Maximum of $|(z-a_1)\cdots(z-a_n)|$ on the unit circle Let $a_1,\ldots,a_n$ be points on the unit circle. Let $P(z)=(z-a_1)\cdots(z-a_n)$. The maximum principle or Rouche's theorem can be used to show that there exists a point $b$ on the unit circle such that $|P(b)|\geq1$.
Question: What is the maximum value $c$ such that there always exists a point $b$ on the unit circle such that $|P(b)|\geq c$, regardless of what $a_1,\ldots,a_n$ are?
 A: The maximum value is $c=2$. As noted in the comments by Daniel Fischer, this is attained by $z^n-1$ whose maximum value on the circle is $2$. 
I will now prove that this is optimal, and that for any polynomial $P(z)=(z-a_1)\cdots (z-a_n)$ with $|a_i|=1$, there exists $|w|=1$ such that $|P(w)|\geq 2$.

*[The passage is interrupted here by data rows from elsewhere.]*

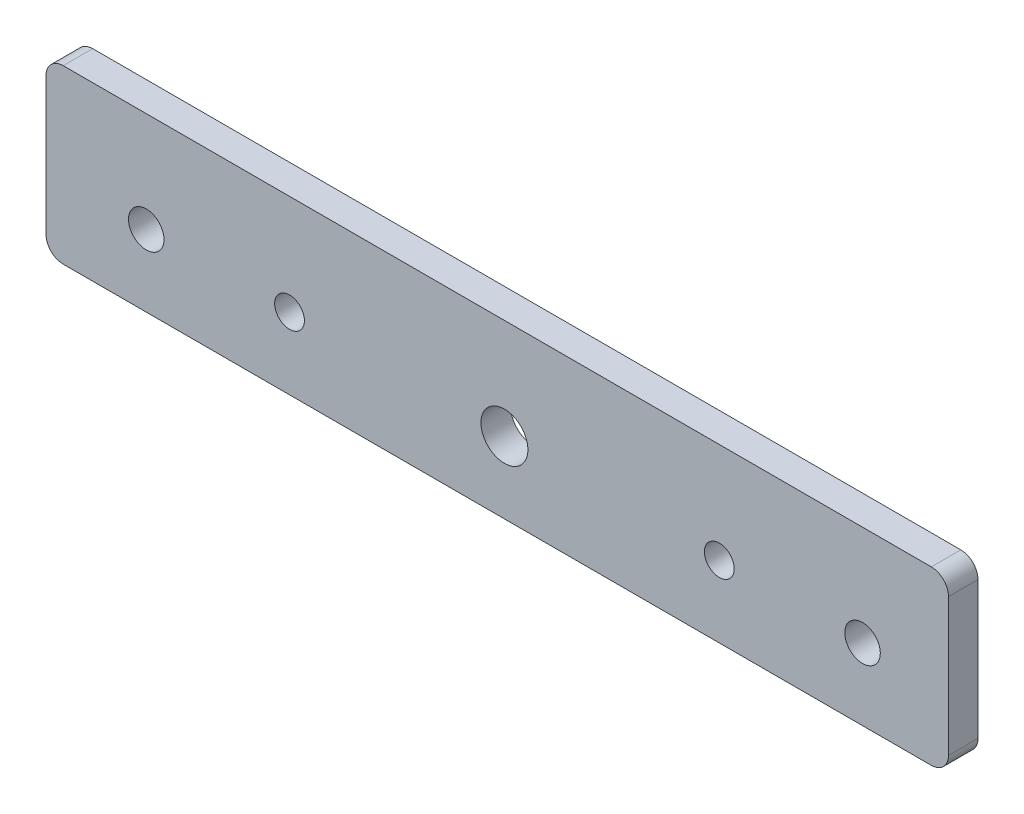
ISO-10303-21;
HEADER;
FILE_DESCRIPTION(('STEP AP214'),'2;1');
FILE_NAME('part.step','',(''),(''),'','','');
FILE_SCHEMA(('AUTOMOTIVE_DESIGN { 1 0 10303 214 1 1 1 1 }'));
ENDSEC;
DATA;
#1=APPLICATION_CONTEXT('core data for automotive mechanical design processes');
#2=APPLICATION_PROTOCOL_DEFINITION('international standard','automotive_design',2000,#1);
#3=PRODUCT_CONTEXT('',#1,'mechanical');
#4=PRODUCT('Part','Part','',(#3));
#5=PRODUCT_RELATED_PRODUCT_CATEGORY('part','',(#4));
#6=PRODUCT_DEFINITION_FORMATION('','',#4);
#7=PRODUCT_DEFINITION_CONTEXT('part definition',#1,'design');
#8=PRODUCT_DEFINITION('design','',#6,#7);
#9=PRODUCT_DEFINITION_SHAPE('','',#8);
#10=(LENGTH_UNIT() NAMED_UNIT(*) SI_UNIT(.MILLI.,.METRE.));
#11=(NAMED_UNIT(*) PLANE_ANGLE_UNIT() SI_UNIT($,.RADIAN.));
#12=(NAMED_UNIT(*) SI_UNIT($,.STERADIAN.) SOLID_ANGLE_UNIT());
#13=UNCERTAINTY_MEASURE_WITH_UNIT(LENGTH_MEASURE(1.E-05),#10,'distance_accuracy_value','');
#14=(GEOMETRIC_REPRESENTATION_CONTEXT(3) GLOBAL_UNCERTAINTY_ASSIGNED_CONTEXT((#13)) GLOBAL_UNIT_ASSIGNED_CONTEXT((#10,
#11,#12)) REPRESENTATION_CONTEXT('',''));
#15=CARTESIAN_POINT('',(0.,0.,0.));
#16=DIRECTION('',(0.,0.,1.));
#17=DIRECTION('',(1.,0.,0.));
#18=AXIS2_PLACEMENT_3D('',#15,#16,#17);
#19=CARTESIAN_POINT('',(0.,17.5,5.15));
#20=DIRECTION('',(0.,1.,0.));
#21=DIRECTION('',(0.,0.,1.));
#22=AXIS2_PLACEMENT_3D('',#19,#20,#21);
#23=PLANE('',#22);
#24=DIRECTION('',(1.,0.,0.));
#25=VECTOR('',#24,1.);
#26=CARTESIAN_POINT('',(0.,17.5,0.));
#27=LINE('',#26,#25);
#28=CARTESIAN_POINT('',(-77.,17.5,0.));
#29=VERTEX_POINT('',#28);
#30=CARTESIAN_POINT('',(74.5,17.5,0.));
#31=VERTEX_POINT('',#30);
#32=EDGE_CURVE('E147',#29,#31,#27,.T.);
#33=ORIENTED_EDGE('',*,*,#32,.F.);
#34=DIRECTION('',(0.,0.,-1.));
#35=VECTOR('',#34,1.);
#36=CARTESIAN_POINT('',(-77.,17.5,5.15));
#37=LINE('',#36,#35);
#38=CARTESIAN_POINT('',(-77.,17.5,5.15));
#39=VERTEX_POINT('',#38);
#40=EDGE_CURVE('E11',#39,#29,#37,.T.);
#41=ORIENTED_EDGE('',*,*,#40,.F.);
#42=DIRECTION('',(1.,0.,0.));
#43=VECTOR('',#42,1.);
#44=CARTESIAN_POINT('',(0.,17.5,5.15));
#45=LINE('',#44,#43);
#46=CARTESIAN_POINT('',(74.5,17.5,5.15));
#47=VERTEX_POINT('',#46);
#48=EDGE_CURVE('E195',#39,#47,#45,.T.);
#49=ORIENTED_EDGE('',*,*,#48,.T.);
#50=DIRECTION('',(0.,0.,-1.));
#51=VECTOR('',#50,1.);
#52=CARTESIAN_POINT('',(74.5,17.5,5.15));
#53=LINE('',#52,#51);
#54=EDGE_CURVE('E88',#47,#31,#53,.T.);
#55=ORIENTED_EDGE('',*,*,#54,.T.);
#56=EDGE_LOOP('',(#33,#41,#49,#55));
#57=FACE_BOUND('',#56,.T.);
#58=ADVANCED_FACE('F37',(#57),#23,.T.);
#59=CARTESIAN_POINT('',(-77.,14.5,5.15));
#60=DIRECTION('',(0.,0.,-1.));
#61=DIRECTION('',(-1.,0.,0.));
#62=AXIS2_PLACEMENT_3D('',#59,#60,#61);
#63=CYLINDRICAL_SURFACE('',#62,3.);
#64=CARTESIAN_POINT('',(-77.,14.5,0.));
#65=DIRECTION('',(0.,0.,1.));
#66=DIRECTION('',(1.,0.,0.));
#67=AXIS2_PLACEMENT_3D('',#64,#65,#66);
#68=CIRCLE('',#67,3.);
#69=CARTESIAN_POINT('',(-80.,14.5,0.));
#70=VERTEX_POINT('',#69);
#71=EDGE_CURVE('E150',#29,#70,#68,.T.);
#72=ORIENTED_EDGE('',*,*,#71,.T.);
#73=DIRECTION('',(0.,0.,-1.));
#74=VECTOR('',#73,1.);
#75=CARTESIAN_POINT('',(-80.,14.5,5.15));
#76=LINE('',#75,#74);
#77=CARTESIAN_POINT('',(-80.,14.5,5.15));
#78=VERTEX_POINT('',#77);
#79=EDGE_CURVE('E46',#78,#70,#76,.T.);
#80=ORIENTED_EDGE('',*,*,#79,.F.);
#81=CARTESIAN_POINT('',(-77.,14.5,5.15));
#82=DIRECTION('',(0.,0.,1.));
#83=DIRECTION('',(1.,0.,0.));
#84=AXIS2_PLACEMENT_3D('',#81,#82,#83);
#85=CIRCLE('',#84,3.);
#86=EDGE_CURVE('E192',#39,#78,#85,.T.);
#87=ORIENTED_EDGE('',*,*,#86,.F.);
#88=ORIENTED_EDGE('',*,*,#40,.T.);
#89=EDGE_LOOP('',(#72,#80,#87,#88));
#90=FACE_BOUND('',#89,.T.);
#91=ADVANCED_FACE('F183',(#90),#63,.T.);
#92=CARTESIAN_POINT('',(-80.,0.,5.15));
#93=DIRECTION('',(-1.,0.,0.));
#94=DIRECTION('',(0.,0.,1.));
#95=AXIS2_PLACEMENT_3D('',#92,#93,#94);
#96=PLANE('',#95);
#97=DIRECTION('',(0.,1.,0.));
#98=VECTOR('',#97,1.);
#99=CARTESIAN_POINT('',(-80.,0.,0.));
#100=LINE('',#99,#98);
#101=CARTESIAN_POINT('',(-80.,-9.5,0.));
#102=VERTEX_POINT('',#101);
#103=EDGE_CURVE('E153',#102,#70,#100,.T.);
#104=ORIENTED_EDGE('',*,*,#103,.F.);
#105=DIRECTION('',(0.,0.,-1.));
#106=VECTOR('',#105,1.);
#107=CARTESIAN_POINT('',(-80.,-9.5,5.15));
#108=LINE('',#107,#106);
#109=CARTESIAN_POINT('',(-80.,-9.5,5.15));
#110=VERTEX_POINT('',#109);
#111=EDGE_CURVE('E173',#110,#102,#108,.T.);
#112=ORIENTED_EDGE('',*,*,#111,.F.);
#113=DIRECTION('',(0.,1.,0.));
#114=VECTOR('',#113,1.);
#115=CARTESIAN_POINT('',(-80.,0.,5.15));
#116=LINE('',#115,#114);
#117=EDGE_CURVE('E180',#110,#78,#116,.T.);
#118=ORIENTED_EDGE('',*,*,#117,.T.);
#119=ORIENTED_EDGE('',*,*,#79,.T.);
#120=EDGE_LOOP('',(#104,#112,#118,#119));
#121=FACE_BOUND('',#120,.T.);
#122=ADVANCED_FACE('F178',(#121),#96,.T.);
#123=CARTESIAN_POINT('',(-77.,-9.5,5.15));
#124=DIRECTION('',(0.,0.,-1.));
#125=DIRECTION('',(-1.,0.,0.));
#126=AXIS2_PLACEMENT_3D('',#123,#124,#125);
#127=CYLINDRICAL_SURFACE('',#126,3.);
#128=CARTESIAN_POINT('',(-77.,-9.5,0.));
#129=DIRECTION('',(0.,0.,1.));
#130=DIRECTION('',(1.,0.,0.));
#131=AXIS2_PLACEMENT_3D('',#128,#129,#130);
#132=CIRCLE('',#131,3.);
#133=CARTESIAN_POINT('',(-77.,-12.5,0.));
#134=VERTEX_POINT('',#133);
#135=EDGE_CURVE('E156',#134,#102,#132,.F.);
#136=ORIENTED_EDGE('',*,*,#135,.F.);
#137=DIRECTION('',(0.,0.,-1.));
#138=VECTOR('',#137,1.);
#139=CARTESIAN_POINT('',(-77.,-12.5,5.15));
#140=LINE('',#139,#138);
#141=CARTESIAN_POINT('',(-77.,-12.5,5.15));
#142=VERTEX_POINT('',#141);
#143=EDGE_CURVE('E171',#142,#134,#140,.T.);
#144=ORIENTED_EDGE('',*,*,#143,.F.);
#145=CARTESIAN_POINT('',(-77.,-9.5,5.15));
#146=DIRECTION('',(0.,0.,1.));
#147=DIRECTION('',(1.,0.,0.));
#148=AXIS2_PLACEMENT_3D('',#145,#146,#147);
#149=CIRCLE('',#148,3.);
#150=EDGE_CURVE('E191',#142,#110,#149,.F.);
#151=ORIENTED_EDGE('',*,*,#150,.T.);
#152=ORIENTED_EDGE('',*,*,#111,.T.);
#153=EDGE_LOOP('',(#136,#144,#151,#152));
#154=FACE_BOUND('',#153,.T.);
#155=ADVANCED_FACE('F189',(#154),#127,.T.);
#156=CARTESIAN_POINT('',(0.,-12.5,5.15));
#157=DIRECTION('',(0.,1.,0.));
#158=DIRECTION('',(0.,0.,1.));
#159=AXIS2_PLACEMENT_3D('',#156,#157,#158);
#160=PLANE('',#159);
#161=DIRECTION('',(1.,0.,0.));
#162=VECTOR('',#161,1.);
#163=CARTESIAN_POINT('',(0.,-12.5,0.));
#164=LINE('',#163,#162);
#165=CARTESIAN_POINT('',(74.5,-12.5,0.));
#166=VERTEX_POINT('',#165);
#167=EDGE_CURVE('E159',#134,#166,#164,.T.);
#168=ORIENTED_EDGE('',*,*,#167,.T.);
#169=DIRECTION('',(0.,0.,-1.));
#170=VECTOR('',#169,1.);
#171=CARTESIAN_POINT('',(74.5,-12.5,5.15));
#172=LINE('',#171,#170);
#173=CARTESIAN_POINT('',(74.5,-12.5,5.15));
#174=VERTEX_POINT('',#173);
#175=EDGE_CURVE('E125',#174,#166,#172,.T.);
#176=ORIENTED_EDGE('',*,*,#175,.F.);
#177=DIRECTION('',(1.,0.,0.));
#178=VECTOR('',#177,1.);
#179=CARTESIAN_POINT('',(0.,-12.5,5.15));
#180=LINE('',#179,#178);
#181=EDGE_CURVE('E113',#142,#174,#180,.T.);
#182=ORIENTED_EDGE('',*,*,#181,.F.);
#183=ORIENTED_EDGE('',*,*,#143,.T.);
#184=EDGE_LOOP('',(#168,#176,#182,#183));
#185=FACE_BOUND('',#184,.T.);
#186=ADVANCED_FACE('F280',(#185),#160,.F.);
#187=CARTESIAN_POINT('',(74.5,-9.5,5.15));
#188=DIRECTION('',(0.,0.,-1.));
#189=DIRECTION('',(-1.,0.,0.));
#190=AXIS2_PLACEMENT_3D('',#187,#188,#189);
#191=CYLINDRICAL_SURFACE('',#190,3.00000000000001);
#192=CARTESIAN_POINT('',(74.5,-9.5,0.));
#193=DIRECTION('',(0.,0.,1.));
#194=DIRECTION('',(1.,0.,0.));
#195=AXIS2_PLACEMENT_3D('',#192,#193,#194);
#196=CIRCLE('',#195,3.00000000000001);
#197=CARTESIAN_POINT('',(77.5,-9.5,0.));
#198=VERTEX_POINT('',#197);
#199=EDGE_CURVE('E121',#166,#198,#196,.T.);
#200=ORIENTED_EDGE('',*,*,#199,.T.);
#201=DIRECTION('',(0.,0.,-1.));
#202=VECTOR('',#201,1.);
#203=CARTESIAN_POINT('',(77.5,-9.5,5.15));
#204=LINE('',#203,#202);
#205=CARTESIAN_POINT('',(77.5,-9.5,5.15));
#206=VERTEX_POINT('',#205);
#207=EDGE_CURVE('E119',#206,#198,#204,.T.);
#208=ORIENTED_EDGE('',*,*,#207,.F.);
#209=CARTESIAN_POINT('',(74.5,-9.5,5.15));
#210=DIRECTION('',(0.,0.,1.));
#211=DIRECTION('',(1.,0.,0.));
#212=AXIS2_PLACEMENT_3D('',#209,#210,#211);
#213=CIRCLE('',#212,3.00000000000001);
#214=EDGE_CURVE('E106',#174,#206,#213,.T.);
#215=ORIENTED_EDGE('',*,*,#214,.F.);
#216=ORIENTED_EDGE('',*,*,#175,.T.);
#217=EDGE_LOOP('',(#200,#208,#215,#216));
#218=FACE_BOUND('',#217,.T.);
#219=ADVANCED_FACE('F120',(#218),#191,.T.);
#220=CARTESIAN_POINT('',(77.5,0.,5.15));
#221=DIRECTION('',(1.,0.,0.));
#222=DIRECTION('',(0.,0.,-1.));
#223=AXIS2_PLACEMENT_3D('',#220,#221,#222);
#224=PLANE('',#223);
#225=DIRECTION('',(0.,-1.,0.));
#226=VECTOR('',#225,1.);
#227=CARTESIAN_POINT('',(77.5,0.,0.));
#228=LINE('',#227,#226);
#229=CARTESIAN_POINT('',(77.5,14.5,0.));
#230=VERTEX_POINT('',#229);
#231=EDGE_CURVE('E163',#230,#198,#228,.T.);
#232=ORIENTED_EDGE('',*,*,#231,.F.);
#233=DIRECTION('',(0.,0.,-1.));
#234=VECTOR('',#233,1.);
#235=CARTESIAN_POINT('',(77.5,14.5,5.15));
#236=LINE('',#235,#234);
#237=CARTESIAN_POINT('',(77.5,14.5,5.15));
#238=VERTEX_POINT('',#237);
#239=EDGE_CURVE('E81',#238,#230,#236,.T.);
#240=ORIENTED_EDGE('',*,*,#239,.F.);
#241=DIRECTION('',(0.,-1.,0.));
#242=VECTOR('',#241,1.);
#243=CARTESIAN_POINT('',(77.5,0.,5.15));
#244=LINE('',#243,#242);
#245=EDGE_CURVE('E110',#238,#206,#244,.T.);
#246=ORIENTED_EDGE('',*,*,#245,.T.);
#247=ORIENTED_EDGE('',*,*,#207,.T.);
#248=EDGE_LOOP('',(#232,#240,#246,#247));
#249=FACE_BOUND('',#248,.T.);
#250=ADVANCED_FACE('F127',(#249),#224,.T.);
#251=CARTESIAN_POINT('',(0.,0.,5.15));
#252=DIRECTION('',(0.,0.,-1.));
#253=DIRECTION('',(-1.,0.,0.));
#254=AXIS2_PLACEMENT_3D('',#251,#252,#253);
#255=CYLINDRICAL_SURFACE('',#254,4.1);
#256=CARTESIAN_POINT('',(0.,0.,5.15));
#257=DIRECTION('',(0.,0.,1.));
#258=DIRECTION('',(1.,0.,0.));
#259=AXIS2_PLACEMENT_3D('',#256,#257,#258);
#260=CIRCLE('',#259,4.1);
#261=CARTESIAN_POINT('',(4.1,0.,5.15));
#262=VERTEX_POINT('',#261);
#263=EDGE_CURVE('E199',#262,#262,#260,.T.);
#264=ORIENTED_EDGE('',*,*,#263,.T.);
#265=EDGE_LOOP('',(#264));
#266=FACE_BOUND('',#265,.T.);
#267=CARTESIAN_POINT('',(0.,0.,0.));
#268=DIRECTION('',(0.,0.,1.));
#269=DIRECTION('',(1.,0.,0.));
#270=AXIS2_PLACEMENT_3D('',#267,#268,#269);
#271=CIRCLE('',#270,4.1);
#272=CARTESIAN_POINT('',(4.1,0.,0.));
#273=VERTEX_POINT('',#272);
#274=EDGE_CURVE('E144',#273,#273,#271,.T.);
#275=ORIENTED_EDGE('',*,*,#274,.F.);
#276=EDGE_LOOP('',(#275));
#277=FACE_BOUND('',#276,.T.);
#278=ADVANCED_FACE('F228',(#266,#277),#255,.F.);
#279=CARTESIAN_POINT('',(62.5,0.,5.15));
#280=DIRECTION('',(0.,0.,-1.));
#281=DIRECTION('',(-1.,0.,0.));
#282=AXIS2_PLACEMENT_3D('',#279,#280,#281);
#283=CYLINDRICAL_SURFACE('',#282,3.1);
#284=CARTESIAN_POINT('',(62.5,0.,5.15));
#285=DIRECTION('',(0.,0.,1.));
#286=DIRECTION('',(1.,0.,0.));
#287=AXIS2_PLACEMENT_3D('',#284,#285,#286);
#288=CIRCLE('',#287,3.1);
#289=CARTESIAN_POINT('',(65.6,0.,5.15));
#290=VERTEX_POINT('',#289);
#291=EDGE_CURVE('E202',#290,#290,#288,.T.);
#292=ORIENTED_EDGE('',*,*,#291,.T.);
#293=EDGE_LOOP('',(#292));
#294=FACE_BOUND('',#293,.T.);
#295=CARTESIAN_POINT('',(62.5,0.,0.));
#296=DIRECTION('',(0.,0.,1.));
#297=DIRECTION('',(1.,0.,0.));
#298=AXIS2_PLACEMENT_3D('',#295,#296,#297);
#299=CIRCLE('',#298,3.1);
#300=CARTESIAN_POINT('',(65.6,0.,0.));
#301=VERTEX_POINT('',#300);
#302=EDGE_CURVE('E141',#301,#301,#299,.T.);
#303=ORIENTED_EDGE('',*,*,#302,.F.);
#304=EDGE_LOOP('',(#303));
#305=FACE_BOUND('',#304,.T.);
#306=ADVANCED_FACE('F231',(#294,#305),#283,.F.);
#307=CARTESIAN_POINT('',(-62.5,0.,5.15));
#308=DIRECTION('',(0.,0.,-1.));
#309=DIRECTION('',(-1.,0.,0.));
#310=AXIS2_PLACEMENT_3D('',#307,#308,#309);
#311=CYLINDRICAL_SURFACE('',#310,3.1);
#312=CARTESIAN_POINT('',(-62.5,0.,5.15));
#313=DIRECTION('',(0.,0.,1.));
#314=DIRECTION('',(1.,0.,0.));
#315=AXIS2_PLACEMENT_3D('',#312,#313,#314);
#316=CIRCLE('',#315,3.1);
#317=CARTESIAN_POINT('',(-59.4,0.,5.15));
#318=VERTEX_POINT('',#317);
#319=EDGE_CURVE('E205',#318,#318,#316,.T.);
#320=ORIENTED_EDGE('',*,*,#319,.T.);
#321=EDGE_LOOP('',(#320));
#322=FACE_BOUND('',#321,.T.);
#323=CARTESIAN_POINT('',(-62.5,0.,0.));
#324=DIRECTION('',(0.,0.,1.));
#325=DIRECTION('',(1.,0.,0.));
#326=AXIS2_PLACEMENT_3D('',#323,#324,#325);
#327=CIRCLE('',#326,3.1);
#328=CARTESIAN_POINT('',(-59.4,0.,0.));
#329=VERTEX_POINT('',#328);
#330=EDGE_CURVE('E138',#329,#329,#327,.T.);
#331=ORIENTED_EDGE('',*,*,#330,.F.);
#332=EDGE_LOOP('',(#331));
#333=FACE_BOUND('',#332,.T.);
#334=ADVANCED_FACE('F252',(#322,#333),#311,.F.);
#335=CARTESIAN_POINT('',(37.5,0.,5.15));
#336=DIRECTION('',(0.,0.,-1.));
#337=DIRECTION('',(-1.,0.,0.));
#338=AXIS2_PLACEMENT_3D('',#335,#336,#337);
#339=CYLINDRICAL_SURFACE('',#338,2.6);
#340=CARTESIAN_POINT('',(37.5,0.,5.15));
#341=DIRECTION('',(0.,0.,1.));
#342=DIRECTION('',(1.,0.,0.));
#343=AXIS2_PLACEMENT_3D('',#340,#341,#342);
#344=CIRCLE('',#343,2.6);
#345=CARTESIAN_POINT('',(40.1,0.,5.15));
#346=VERTEX_POINT('',#345);
#347=EDGE_CURVE('E208',#346,#346,#344,.T.);
#348=ORIENTED_EDGE('',*,*,#347,.T.);
#349=EDGE_LOOP('',(#348));
#350=FACE_BOUND('',#349,.T.);
#351=CARTESIAN_POINT('',(37.5,0.,0.));
#352=DIRECTION('',(0.,0.,1.));
#353=DIRECTION('',(1.,0.,0.));
#354=AXIS2_PLACEMENT_3D('',#351,#352,#353);
#355=CIRCLE('',#354,2.6);
#356=CARTESIAN_POINT('',(40.1,0.,0.));
#357=VERTEX_POINT('',#356);
#358=EDGE_CURVE('E135',#357,#357,#355,.T.);
#359=ORIENTED_EDGE('',*,*,#358,.F.);
#360=EDGE_LOOP('',(#359));
#361=FACE_BOUND('',#360,.T.);
#362=ADVANCED_FACE('F255',(#350,#361),#339,.F.);
#363=CARTESIAN_POINT('',(-37.5,0.,5.15));
#364=DIRECTION('',(0.,0.,-1.));
#365=DIRECTION('',(-1.,0.,0.));
#366=AXIS2_PLACEMENT_3D('',#363,#364,#365);
#367=CYLINDRICAL_SURFACE('',#366,2.6);
#368=CARTESIAN_POINT('',(-37.5,0.,5.15));
#369=DIRECTION('',(0.,0.,1.));
#370=DIRECTION('',(1.,0.,0.));
#371=AXIS2_PLACEMENT_3D('',#368,#369,#370);
#372=CIRCLE('',#371,2.6);
#373=CARTESIAN_POINT('',(-34.9,0.,5.15));
#374=VERTEX_POINT('',#373);
#375=EDGE_CURVE('E167',#374,#374,#372,.T.);
#376=ORIENTED_EDGE('',*,*,#375,.T.);
#377=EDGE_LOOP('',(#376));
#378=FACE_BOUND('',#377,.T.);
#379=CARTESIAN_POINT('',(-37.5,0.,0.));
#380=DIRECTION('',(0.,0.,1.));
#381=DIRECTION('',(1.,0.,0.));
#382=AXIS2_PLACEMENT_3D('',#379,#380,#381);
#383=CIRCLE('',#382,2.6);
#384=CARTESIAN_POINT('',(-34.9,0.,0.));
#385=VERTEX_POINT('',#384);
#386=EDGE_CURVE('E132',#385,#385,#383,.T.);
#387=ORIENTED_EDGE('',*,*,#386,.F.);
#388=EDGE_LOOP('',(#387));
#389=FACE_BOUND('',#388,.T.);
#390=ADVANCED_FACE('F39',(#378,#389),#367,.F.);
#391=CARTESIAN_POINT('',(74.5,14.5,5.15));
#392=DIRECTION('',(0.,0.,-1.));
#393=DIRECTION('',(-1.,0.,0.));
#394=AXIS2_PLACEMENT_3D('',#391,#392,#393);
#395=CYLINDRICAL_SURFACE('',#394,3.00000000000001);
#396=CARTESIAN_POINT('',(74.5,14.5,0.));
#397=DIRECTION('',(0.,0.,1.));
#398=DIRECTION('',(1.,0.,0.));
#399=AXIS2_PLACEMENT_3D('',#396,#397,#398);
#400=CIRCLE('',#399,3.00000000000001);
#401=EDGE_CURVE('E165',#230,#31,#400,.T.);
#402=ORIENTED_EDGE('',*,*,#401,.T.);
#403=ORIENTED_EDGE('',*,*,#54,.F.);
#404=CARTESIAN_POINT('',(74.5,14.5,5.15));
#405=DIRECTION('',(0.,0.,1.));
#406=DIRECTION('',(1.,0.,0.));
#407=AXIS2_PLACEMENT_3D('',#404,#405,#406);
#408=CIRCLE('',#407,3.00000000000001);
#409=EDGE_CURVE('E54',#238,#47,#408,.T.);
#410=ORIENTED_EDGE('',*,*,#409,.F.);
#411=ORIENTED_EDGE('',*,*,#239,.T.);
#412=EDGE_LOOP('',(#402,#403,#410,#411));
#413=FACE_BOUND('',#412,.T.);
#414=ADVANCED_FACE('F218',(#413),#395,.T.);
#415=CARTESIAN_POINT('',(0.,0.,5.15));
#416=DIRECTION('',(0.,0.,1.));
#417=DIRECTION('',(1.,0.,0.));
#418=AXIS2_PLACEMENT_3D('',#415,#416,#417);
#419=PLANE('',#418);
#420=ORIENTED_EDGE('',*,*,#375,.F.);
#421=EDGE_LOOP('',(#420));
#422=FACE_BOUND('',#421,.T.);
#423=ORIENTED_EDGE('',*,*,#347,.F.);
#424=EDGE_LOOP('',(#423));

Proof: Assume the contrary. Then $|P(z)|<2$ on the unit circle. Letting $\eta=\inf\{|z|:\ |P(z)|=2\}$ compactness of the unit circle implies that $\eta>1$, and so there exists a circle of radius $1<r<\eta$ such that $|P(z)|<2$ on the boundary. Let $C=(-1)^{n} a_1\cdots a_n$ denote the constant coefficient of $P(z)$. Then since $|C|=1$, by Rouche's theorem applied to $H(z)=P(z)-2C$, the polynomial $H(z)$ will have no zeros inside the disk of radius $r$. This implies that every root $z_i$ of $H(z)$ must have $|z_i|\geq r$. However $C$, which has norm $1$, is the constant coefficient of $H(z)$, and equals the product of the roots of $H(z)$. This implies that $$1=|C|=\left|\prod_i z_i\right|\geq r^n>1,$$ which is impossible, and so the claim follows.
A: In fact even more is true. Given any $n$ points $a_1,..a_n$ on the unit circle and weights $p_1,p_2...p_n\ge 0$ such that $p_1+p_2+...p_n=n$ one has
$$\max_{|z|=1}|z-a_1|^{p_1}|z-a_2|^{p_2}...|z-a_n|^{p_n}\ge 2.$$
 This was a conjecture from the paper by Vsevolod Lev and Sergey Konyagin from $2003$ and was proved in an extremely beautiful way by user "fedja" https://mathoverflow.net/questions/64099/the-maximum-of-a-polynomial-on-the-unit-circle
An alternative proof was given by Alexander Eremenko (see the same post), however, he used quite a powerful machinery (Dubinin theorem).